Sunday, April 22, 2007

WASP Summary of the speech of noble Lord Baroness Murphy in the House of Lords debate Relgion: Non believers, 19th April 2007

WASP Summary of the speech of noble Lord Baroness Murphy in the House of Lords 19th April 2007, Relgion: Non Believers debate.
Full text of speech here in Hansard (or with WASP highlights here).

highlights Main Points & Key Points.

TheyWorkForYou Baroness Murphy entry, Baroness Murphy Wikipedia entry.

Action: WASP to Send a message of support to Baroness Murphy

Baroness Murphy said:

I speak as a rationalist, agnostic—I shall not say atheist in the light of the comments of the noble and right reverend Lord, Lord Carey. It is not a particularly comfortable matter, but one reason to contribute to this debate is to stand up and be counted.

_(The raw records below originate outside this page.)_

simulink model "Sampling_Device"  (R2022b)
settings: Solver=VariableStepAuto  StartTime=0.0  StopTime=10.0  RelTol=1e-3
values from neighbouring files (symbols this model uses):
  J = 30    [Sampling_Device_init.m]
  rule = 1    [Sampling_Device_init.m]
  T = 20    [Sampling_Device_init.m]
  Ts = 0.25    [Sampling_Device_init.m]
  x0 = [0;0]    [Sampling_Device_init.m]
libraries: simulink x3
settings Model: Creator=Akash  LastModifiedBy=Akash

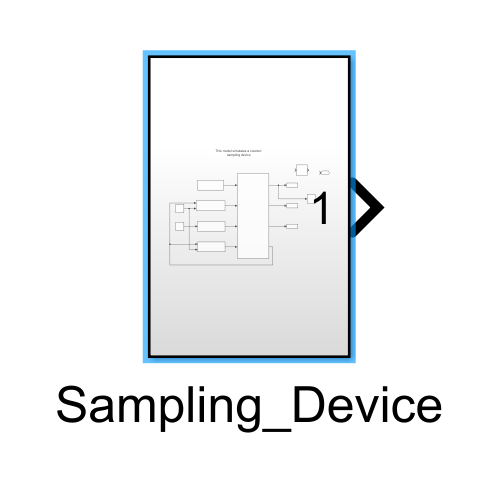
[thumbnail: Simulink's stored preview of the top-level diagram]
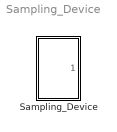
== system Sampling_Device ==
  Sampling_Device : Subsystem

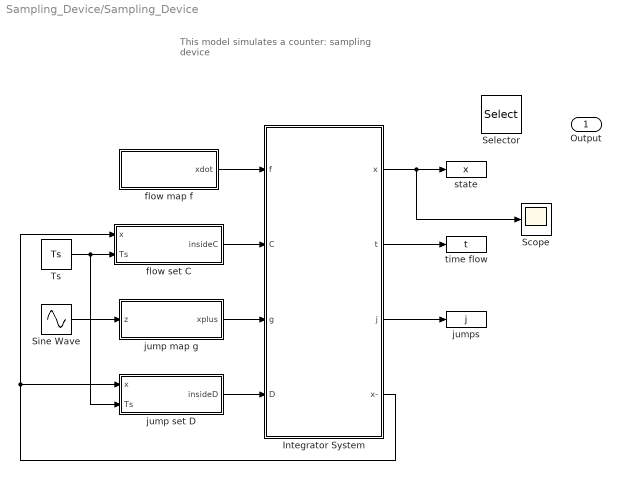
== system Sampling_Device/Sampling_Device ==
  note: This model simulates a counter: sampling device
  Integrator System : Subsystem  Priority=2  mask(Hybrid Integrator){T=T, J=J, x0=x0}
      mask prompts: T "Flow Horizon"; J "Jump Horizon"; x0 "Initial Condition"
      mask help:
      | This block integrates the state of the hybrid system defined by the flow map f (first input), the flow set C (second input), the jump map g (third input) and the jump set D (fourth input).
      | Starting from the initial condition x0 (last mask parameter), the system's state x evolves continuously within the set C, according to f(x,u), but is also subject to jumps within D, according to g(x,u).
      | The block also stops the simulation when the time t is greater than the flow horizon T (first mask parameter), or when the number of jumps j is greater than the jump horizon J (second mask parameter).
      | The outputs of the blocks are respectively x(t), t, j, x(t-).
      mask Help:
      | This block integrates the state of the hybrid system defined by the flow map f (first input), the flow set C (second input), the jump map g (third input) and the jump set D (fourth input).
      | <br>
      | Starting from the initial condition x0 (last mask parameter), the system's state x evolves continuously within the set C, according to f(x,u), but is also subject to jumps within D, according to g(x,u).
      | <br>
      | The block also stops the simulation when the time t is greater than the flow horizon T (first mask parameter), or when the number of jumps j is greater than the jump horizon J (second mask parameter).
      | <br>
      | The outputs of the blocks are respectively x(t), t, j, x(t-).
      | <br>
      | You can right click on the block and "Look under mask" to see what's inside the block.
      | Finally, refer to the manual (HybridSimulator_vXX.pdf) for more detailed information on how this hybrid simulator works.
  Scope : Scope
  Selector : Selector  NumberOfDimensions=2  InputPortWidth=3  IndexOptions=Index vector (dialog),Index vector (dialog)  Indices=1,1  OutputSizes=1,1
  Sine Wave : Sin  Amplitude=2  SampleTime=0
  Ts : Constant  Value=Ts
  flow map f : MATLAB Function  TreatAsAtomicUnit=on
  flow set C : MATLAB Function  TreatAsAtomicUnit=on
  jump map g : MATLAB Function  Priority=2  TreatAsAtomicUnit=on
  jump set D : MATLAB Function  TreatAsAtomicUnit=on
  jumps : ToWorkspace  VariableName=j  SampleTime=-1
  state : ToWorkspace  VariableName=x  SampleTime=-1
  "time flow " : ToWorkspace  VariableName=t  SampleTime=-1
  Output : Outport
  wires:
  Integrator System/4(x-) -> jump set D/1(x), flow set C/1(x)
  Ts/1 -> jump set D/2(Ts), flow set C/2(Ts)
  jump map g/1(xplus) -> Integrator System/3(g)
  Integrator System/1(x) -> Scope/1, state/1
  flow map f/1(xdot) -> Integrator System/1(f)
  Integrator System/3(j) -> jumps/1
  flow set C/1(insideC) -> Integrator System/2(C)
  Integrator System/2(t) -> "time flow "/1
  jump set D/1(insideD) -> Integrator System/4(D)
  Sine Wave/1 -> jump map g/1(z)

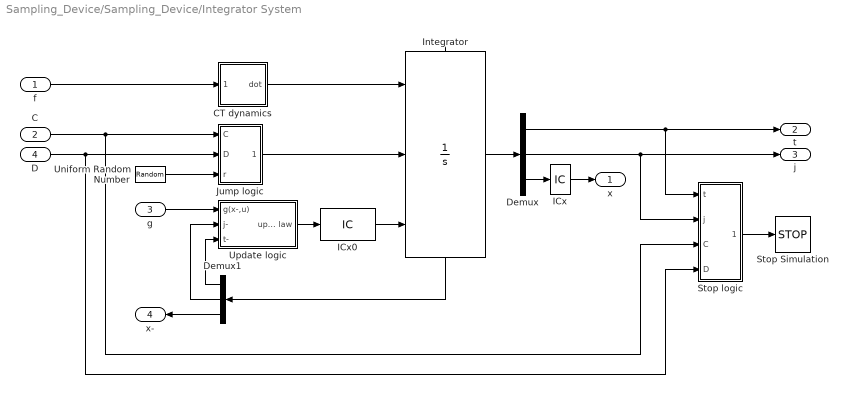
== system Sampling_Device/Sampling_Device/Integrator System ==
  f : Inport
  C : Inport  Port=2
  g : Inport  Port=3
  D : Inport  Port=4
  CT dynamics : Subsystem
  Demux : Demux  Outputs=[1 1 -1]
  Demux1 : Demux  Outputs=[1 1 -1]
  ICx : InitialCondition  Value=x0
  ICx0 : InitialCondition  Value=[0; 0; x0(:)]
  Integrator : Integrator  ExternalReset=level hold  InitialConditionSource=external  ShowStatePort=on  ZeroCross=off
  Jump logic : Subsystem
  Stop Simulation : Stop
  Stop logic : Subsystem
  Uniform Random Number : UniformRandomNumber  Minimum=0  Seed=abs(floor(100*rand))  SampleTime=0
  Update logic : Subsystem
  x : Outport  VectorParamsAs1DForOutWhenUnconnected=off
  t : Outport  Port=2  VectorParamsAs1DForOutWhenUnconnected=off
  j : Outport  Port=3  VectorParamsAs1DForOutWhenUnconnected=off
  x- : Outport  Port=4  VectorParamsAs1DForOutWhenUnconnected=off
  wires:
  Demux1/2 -> Update logic/2(j-)
  Demux1/1 -> Update logic/3(t-)
  g/1 -> Update logic/1(g(x-,u))
  Uniform Random Number/1 -> Jump logic/3(r)
  Jump logic/1(jump) -> Integrator/2
  Demux1/3 -> x-/1
  f/1 -> CT dynamics/1(f(x,u))
  D/1 -> Jump logic/2(D), Stop logic/4(D)
  C/1 -> Jump logic/1(C), Stop logic/3(C)
  Integrator/1 -> Demux/1
  CT dynamics/1(dot) -> Integrator/1
  Update logic/1(update law) -> ICx0/1
  Demux/1 -> Stop logic/1(t), t/1
  Demux/2 -> Stop logic/2(j), j/1
  Integrator/State -> Demux1/1
  Demux/3 -> ICx/1
  ICx/1 -> x/1
  ICx0/1 -> Integrator/3
  Stop logic/1(stop) -> Stop Simulation/1

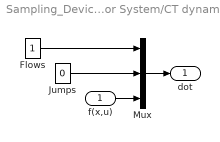
== system Sampling_Device/Sampling_Device/Integrator System/CT dynamics ==
  f(x,u) : Inport
  Flows : Constant
  Jumps : Constant  Value=0
  Mux : Mux  Inputs=[1 1 -1]
  dot : Outport  VectorParamsAs1DForOutWhenUnconnected=off
  wires:
  f(x,u)/1 -> Mux/3
  Mux/1 -> dot/1
  Flows/1 -> Mux/1
  Jumps/1 -> Mux/2

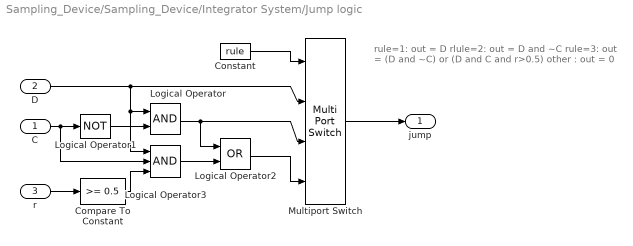
== system Sampling_Device/Sampling_Device/Integrator System/Jump logic ==
  note: rule=1:  out = D
      | rlule=2: out = D and ~C
      | rule=3:  out = (D and ~C)  or (D and C and r>0.5)
      | other :  out = 0
  C : Inport
  D : Inport  Port=2
  r : Inport  Port=3
  Compare To Constant : simulink/Logic and Bit Operations/Compare To Constant  relop=>=  const=0.5  OutDataTypeStr=uint8
  Constant : Constant  Value=rule
  Logical Operator : Logic  AllPortsSameDT=off  OutDataTypeStr=boolean
  Logical Operator1 : Logic  Operator=NOT  Inputs=1  AllPortsSameDT=off  OutDataTypeStr=boolean
  Logical Operator2 : Logic  Operator=OR  AllPortsSameDT=off  OutDataTypeStr=boolean
  Logical Operator3 : Logic  Inputs=3  AllPortsSameDT=off  OutDataTypeStr=boolean
  Multiport Switch : MultiPortSwitch  SaturateOnIntegerOverflow=off  InputSameDT=off
  jump : Outport  VectorParamsAs1DForOutWhenUnconnected=off
  wires:
  Logical Operator3/1 -> Logical Operator2/2
  Compare To Constant/1 -> Logical Operator3/3
  Multiport Switch/1 -> jump/1
  Logical Operator2/1 -> Multiport Switch/4
  Logical Operator/1 -> Logical Operator2/1, Multiport Switch/3
  Logical Operator1/1 -> Logical Operator/2
  C/1 -> Logical Operator1/1, Logical Operator3/2
  r/1 -> Compare To Constant/1
  D/1 -> Multiport Switch/2, Logical Operator/1, Logical Operator3/1
  Constant/1 -> Multiport Switch/1

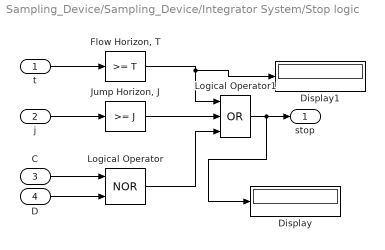
== system Sampling_Device/Sampling_Device/Integrator System/Stop logic ==
  t : Inport
  j : Inport  Port=2
  C : Inport  Port=3
  D : Inport  Port=4
  Display : Display
  Display1 : Display
  "Flow Horizon, T" : simulink/Logic and Bit Operations/Compare To Constant  relop=>=  const=T  OutDataTypeStr=uint8  ZeroCross=off
  "Jump Horizon, J" : simulink/Logic and Bit Operations/Compare To Constant  relop=>=  const=J  OutDataTypeStr=uint8  ZeroCross=off
  Logical Operator : Logic  Operator=NOR  AllPortsSameDT=off  OutDataTypeStr=boolean
  Logical Operator1 : Logic  Operator=OR  Inputs=3  AllPortsSameDT=off  OutDataTypeStr=boolean
  stop : Outport  VectorParamsAs1DForOutWhenUnconnected=off
  wires:
  Logical Operator1/1 -> Display/1, stop/1
  C/1 -> Logical Operator/1
  j/1 -> "Jump Horizon, J"/1
  t/1 -> "Flow Horizon, T"/1
  D/1 -> Logical Operator/2
  Logical Operator/1 -> Logical Operator1/3
  "Jump Horizon, J"/1 -> Logical Operator1/2
  "Flow Horizon, T"/1 -> Display1/1, Logical Operator1/1

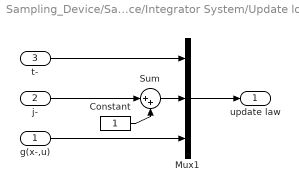
== system Sampling_Device/Sampling_Device/Integrator System/Update logic ==
  g(x-,u) : Inport
  j- : Inport  Port=2
  t- : Inport  Port=3
  Constant : Constant
  Mux1 : Mux  Inputs=[1 1 -1]
  Sum : Sum  Inputs=|++
  update law : Outport  VectorParamsAs1DForOutWhenUnconnected=off
  wires:
  Constant/1 -> Sum/2
  t-/1 -> Mux1/1
  g(x-,u)/1 -> Mux1/3
  j-/1 -> Sum/1
  Mux1/1 -> update law/1
  Sum/1 -> Mux1/2

== matlab function Sampling_Device/jump set D ==
  data: x input; insideD output; Ts input
function insideD = D_counter(x, Ts) 

%%%%%%%%%%%%%%%%%%%%%%%%%%%%%%%%%%%%%%%%%%%%%%%%%%%%%%%%%%%%%%%%%%%%%%%%%%%
% Matlab M-file             
% Project: Simulation of a counter
%
% Name: D_counter.m
%
% Description: Jump set
% Return 0 if outside of D, and 1 inside of D
%%%%%%%%%%%%%%%%%%%%%%%%%%%%%%%%%%%%%%%%%%%%%%%%%%%%%%%%%%%%%%%%%%%%%%%%%%%

%x = zeros(2,1)
%y = x

if (x(2) >= Ts || x(2) < 0)
    insideD = 1;
else 
    insideD = 0;
end

end

== matlab function Sampling_Device/flow map f ==
  data: xdot output
function xdot = f_counter

%%%%%%%%%%%%%%%%%%%%%%%%%%%%%%%%%%%%%%%%%%%%%%%%%%%%%%%%%%%%%%%%%%%%%%%%%%%
% Matlab Function 
% Project: Simulation of a counter
%
% Name: f_counter.m
%
% Description: Flow map
%
%%%%%%%%%%%%%%%%%%%%%%%%%%%%%%%%%%%%%%%%%%%%%%%%%%%%%%%%%%%%%%%%%%%%%%%%%%%

xdot = [0;1];
end

== matlab function Sampling_Device/flow set C ==
  data: x input; insideC output; Ts input
function insideC  = C_counter(x, Ts) 

%%%%%%%%%%%%%%%%%%%%%%%%%%%%%%%%%%%%%%%%%%%%%%%%%%%%%%%%%%%%%%%%%%%%%%%%%%%
% Matlab M-file             
% Project: Simulation of a counter
%
% Name: C_counter.m
%
% Description: Flow set
% Return 0 if outside of C, and 1 inside of C
%%%%%%%%%%%%%%%%%%%%%%%%%%%%%%%%%%%%%%%%%%%%%%%%%%%%%%%%%%%%%%%%%%%%%%%%%%%

x = zeros(2,1);
y = x;

if (y(2) >= 0) && (y(2) < Ts)  % flow condition
    insideC = 1;  % report flow
else
    insideC = 0;   % do not report flow
end
end

== matlab function Sampling_Device/jump map g ==
  data: xplus output; z input
function xplus = g_counter(z)

%%%%%%%%%%%%%%%%%%%%%%%%%%%%%%%%%%%%%%%%%%%%%%%%%%%%%%%%%%%%%%%%%%%%%%%%%%%
% Matlab Function
% Project: Simulation of a counter
%
% Name: g_coutner.m
%
% Description: Jump map
%
%%%%%%%%%%%%%%%%%%%%%%%%%%%%%%%%%%%%%%%%%%%%%%%%%%%%%%%%%%%%%%%%%%%%%%%%%%%

xplus = [z;0];
end

I was going to remain rather calm throughout this, but I was rather offended by the comments of the noble and right reverend Lord, Lord Carey, about the role that people without faith have played in doing good in the world. He is entirely and wholly wrong. We feel just as passionately as those who have faith about ensuring that society is just.

I want to spend my few minutes expressing concerns about the growing influence of religion on the delivery of public services. I am very uncomfortable with the 2003 Government policy of encouraging faith-based organisations to participate in public service provision. Of course, I acknowledge that there are occasions when religious organisations or their representatives can reach the unreachable by statutory sector workers.

The crucial issue for me is whether religious service organisations compete on an even playing field for public service contracts, are explicitly committed to delivering services to people of all faiths and none without prejudice, disapproval or prosyletisation, and whether they have employment practices consistent with public service values....

An example that is more worrying is CrossReach, which was formerly known as the Church of Scotland Board of Social Responsibility. It employs more than 2,000 staff in 80 services stretching from Shetland to the Borders, providing care and support services for thousands of people. Indeed, it has an excellent reputation for the quality of care that it provides. I say that first of all. It has an annual expenditure of more than £45 million, of which more than 99 per cent comes directly from local government. It is overtly proselytising, its website is as embarrassing as Radio 4's “Prayer for the Day” and it makes quite clear that it reserves jobs in the organisation for those who share its particular brand of faith. The Scots are even less religious as a nation than the English or Welsh. I wonder what it feels like to have your social care delivered by this overtly missionary organisation.

How can the Government encourage local government to contract with religious organisations for public services? What guidance do they provide on mission statements and the policies that they follow before handing out public money for back-door ways of pushing beliefs that most people now find unbelievable?